March 9, 2026

De-Regexpressing the Front Door

Ripped out the brittle regex-based social filter in favor of more reliable LLM triage, and introduced an embedding cache to boost performance.

Getting Rid of Brittle Regex Filters

A big chunk of today was spent chasing down bugs in our input classification pipeline, and the theme was clear: our fast, regex-based “social filter” was doing more harm than good. It was designed to quickly handle simple things like greetings and thank-yous, saving a 200ms LLM call. The problem is, it was catastrophically wrong sometimes.

We found two separate cases where it was misclassifying legitimate questions as simple feedback. A query like, “What makes a great sandwich?” was being flagged by a feedback pattern (great) and short-circuited into a simple acknowledgement, completely swallowing the user’s intent before the LLM triage could even see it. There was no fallback.

The fix was simple: just delete the whole pre-filter. The LLM-based cognitive triage is more than capable of handling social niceties, and the small latency cost is a tiny price to pay for not silently ignoring user commands. This is a good reminder of the project’s core principle: intelligence emerges. A dumb, static regex filter is the opposite of that.

Performance & Responsiveness Boosts

On the performance front, we added a significant optimization: an in-memory embedding cache. Many internal systems (reflex lookups, topic classification, context assembly) repeatedly request embeddings for the same text. Now, we cache these embeddings in MemoryStore for an hour, keyed by a hash of the text. This avoids redundant calls to the embedding model, which is especially noticeable on CPU.
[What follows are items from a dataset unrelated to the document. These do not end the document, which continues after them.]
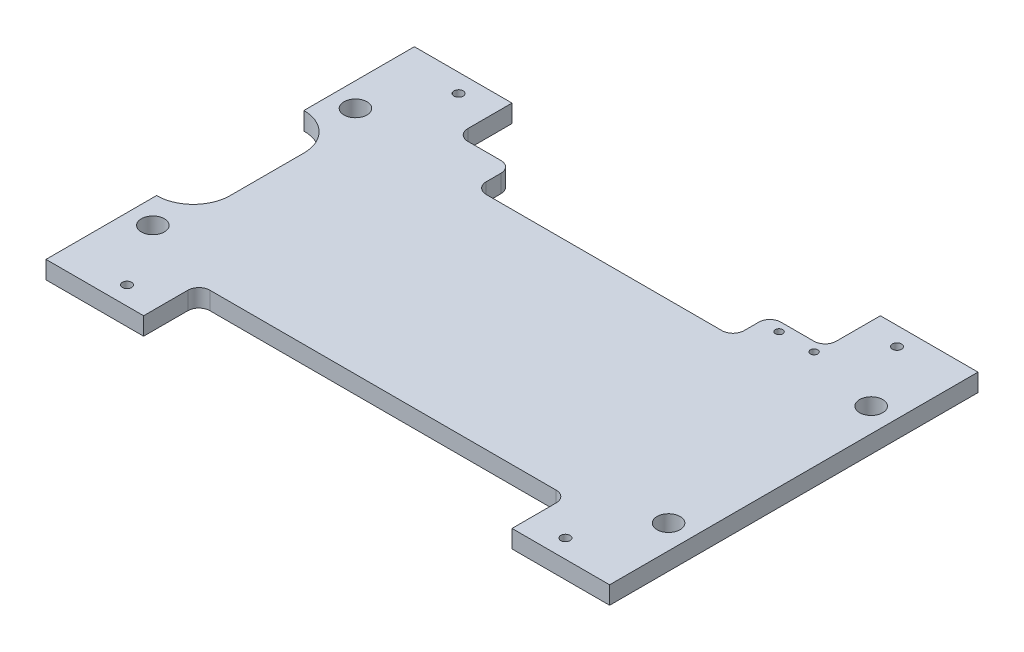
SolidWorks part; units mm, degrees
ref_plane "Front Plane" through (0, 0, 0) normal (0, 0, 1) x (1, 0, 0)
ref_plane "Top Plane" through (0, 0, 0) normal (0, 1, 0) x (1, 0, 0)
ref_plane "Right Plane" through (0, 0, 0) normal (1, 0, 0) x (0, 0, -1)
sketch "Sketch1" plane through (0, 0, 0) normal (0, 1, 0) x (1, 0, 0)
  line L0 (-76.5, 50) -> (76.5, -50) construction
  line L1 (-76.5, 50) -> (76.5, 50)
  line L2 (-76.5, 50) -> (-76.5, -50)
  line L3 (-76.5, -50) -> (76.5, -50)
  line L4 (76.5, 50) -> (76.5, -50)
  dimension "D1" = 100
  dimension "D2" = 153
extrude "Boss-Extrude1" add sketch "Sketch1" along normal blind 4.826
sketch "Sketch2" plane through (0, 4.826, 0) normal (0, 1, 0) x (1, 0, 0)
  line L0 (76.5, 50) -> (-76.5, 50) construction
  line L1 (-50, 50) -> (50, 50)
  line L2 (-50, 50) -> (-50, 35)
  line L3 (-50, 35) -> (50, 35)
  line L4 (50, 50) -> (50, 35)
  line L5 (-76.5, 0) -> (76.5, 0) construction
  line L6 (-76.5, 50) -> (-76.5, -50) construction
  line L7 (76.5, -50) -> (76.5, 50) construction
  line L8 (0, 35) -> (0, 0) construction
  line L9 (50, -50) -> (50, -35)
  line L10 (-50, -35) -> (50, -35)
  line L11 (-50, -50) -> (-50, -35)
  line L12 (-50, -50) -> (50, -50)
  dimension "D1" = 15
  dimension "D2" = 100
extrude "Cut-Extrude1" cut sketch "Sketch2" against normal through all
sketch "Sketch3" plane through (0, 4.826, 0) normal (0, 1, 0) x (1, 0, 0)
  line L0 (0, 35) -> (0, -35) construction
  line L1 (-50, 35) -> (50, 35) construction
  line L2 (50, -35) -> (-50, -35) construction
  line L3 (-70, 50) -> (-70, -50) construction
  line L4 (-50, 50) -> (-76.5, 50) construction
  line L5 (-76.5, -50) -> (-50, -50) construction
  line L6 (-76.5, 0) -> (-70, 0) construction
  line L7 (-76.5, 50) -> (-76.5, -50) construction
  line L8 (-59.5, 50) -> (-59.5, -50) construction
  circle A0 centre (-70, 27.5) radius 3.125
  circle A1 centre (-70, -27.5) radius 3.125
  circle A2 centre (70, -27.5) radius 3.125
  circle A3 centre (70, 27.5) radius 3.125
  circle A4 centre (-59.5, 45) radius 1.25
  circle A5 centre (-59.5, -45) radius 1.25
  circle A6 centre (59.5, 45) radius 1.25
  circle A7 centre (59.5, -45) radius 1.25
  dimension "D2" = 55
  dimension "D3" = 6.25
  dimension "D5" = 2.5
  dimension "D4" = 119
  dimension "D1" = 70
  dimension "D6" = 5
extrude "Cut-Extrude2" cut sketch "Sketch3" against normal through all
sketch "Sketch5" plane through (0, 4.826, 0) normal (0, 1, 0) x (1, 0, 0)
  line L1 (-76.5, 50) -> (-76.5, -50) construction
  line L2 (-76.5, 20) -> (-66.5, 20)
  line L3 (-76.5, 20) -> (-76.5, -20)
  line L4 (-76.5, -20) -> (-66.5, -20)
  line L5 (-66.5, 20) -> (-66.5, -20)
  line L6 (-66.5, 0) -> (0, 0) construction
  dimension "D1" = 10
  dimension "D2" = 40
extrude "Cut-Extrude3" cut sketch "Sketch5" against normal through all
sketch "Sketch6" plane through (0, 4.826, 0) normal (0, 1, 0) x (1, 0, 0)
  line L0 (40, 32.5) -> (49.5, 32.5) construction
  line L1 (0, 0) -> (0, 25) construction
  line L2 (-50, 35) -> (50, 35) construction
  line L3 (-35, 35) -> (35, 35)
  line L4 (-35, 35) -> (-35, 25)
  line L5 (-35, 25) -> (35, 25)
  line L6 (35, 35) -> (35, 25)
  circle A0 centre (40, 32.5) radius 1
  circle A1 centre (49.5, 32.5) radius 1
  dimension "D2" = 2
  dimension "D1" = 9.5
  dimension "D3" = 2.5
  dimension "D4" = 40
  dimension "D5" = 10
  dimension "D6" = 70
extrude "Cut-Extrude4" cut sketch "Sketch6" against normal through all
fillet "Fillet1" radius 3 8 edges at (-50, 2.413, 35) (50, 2.413, 35) (50, 2.413, -35) (-50, 2.413, -35) (35, 2.413, -35) (35, 2.413, -25) (-35, 2.413, -25) (-35, 2.413, -35)
fillet "Fillet2" radius 10 2 edges at (-66.5, 2.413, 20) (-66.5, 2.413, -20)

We also added an embedding model “warmup” on application boot. The first inference call on a sentence-transformers model always has a few seconds of overhead for PyTorch graph compilation. By running a throwaway encoding at startup, we ensure the first real user request is fast. The /system/readiness endpoint now correctly reports when the embedding model is loaded and warmed up.

To improve the user-perceived responsiveness, I also tightened up the folder watcher’s scan interval from 5 minutes to 60 seconds and added a simple deduplication mechanism to the WebSocket client to prevent duplicate messages from showing up after a reconnect.

Hardening the Document Pipeline

The document ingestion and retrieval system got a round of robustness fixes. We were seeing crashes because metadata could be either a raw JSON string from SQLite or an already-parsed Python dict, depending on the code path. A simple helper now handles both cases gracefully.

I also added timing instrumentation to the document processing service. It now logs the duration for each stage (text extraction, chunking, embedding, LLM summary), which will be invaluable for identifying bottlenecks as we process larger files. Finally, I updated the privacy service to correctly include documents, document_chunks, and watched_folders in its data summary, export, and delete-all operations, which we’d missed when adding the feature.

Minor Polish

  • Contradiction Prep: Added some signals (is_established, created_at) to the contradiction detection pipeline. This is prep work for a future ONNX-based classifier; for now, the LLM path is still active.
  • Quieter Tools: When a tool renders a card and is configured with synthesize=false, we now suppress Chalie’s default text commentary (e.g., [TOOL:list_documents]...). The UI gets the card, and the conversation doesn’t get cluttered with unnecessary confirmation text.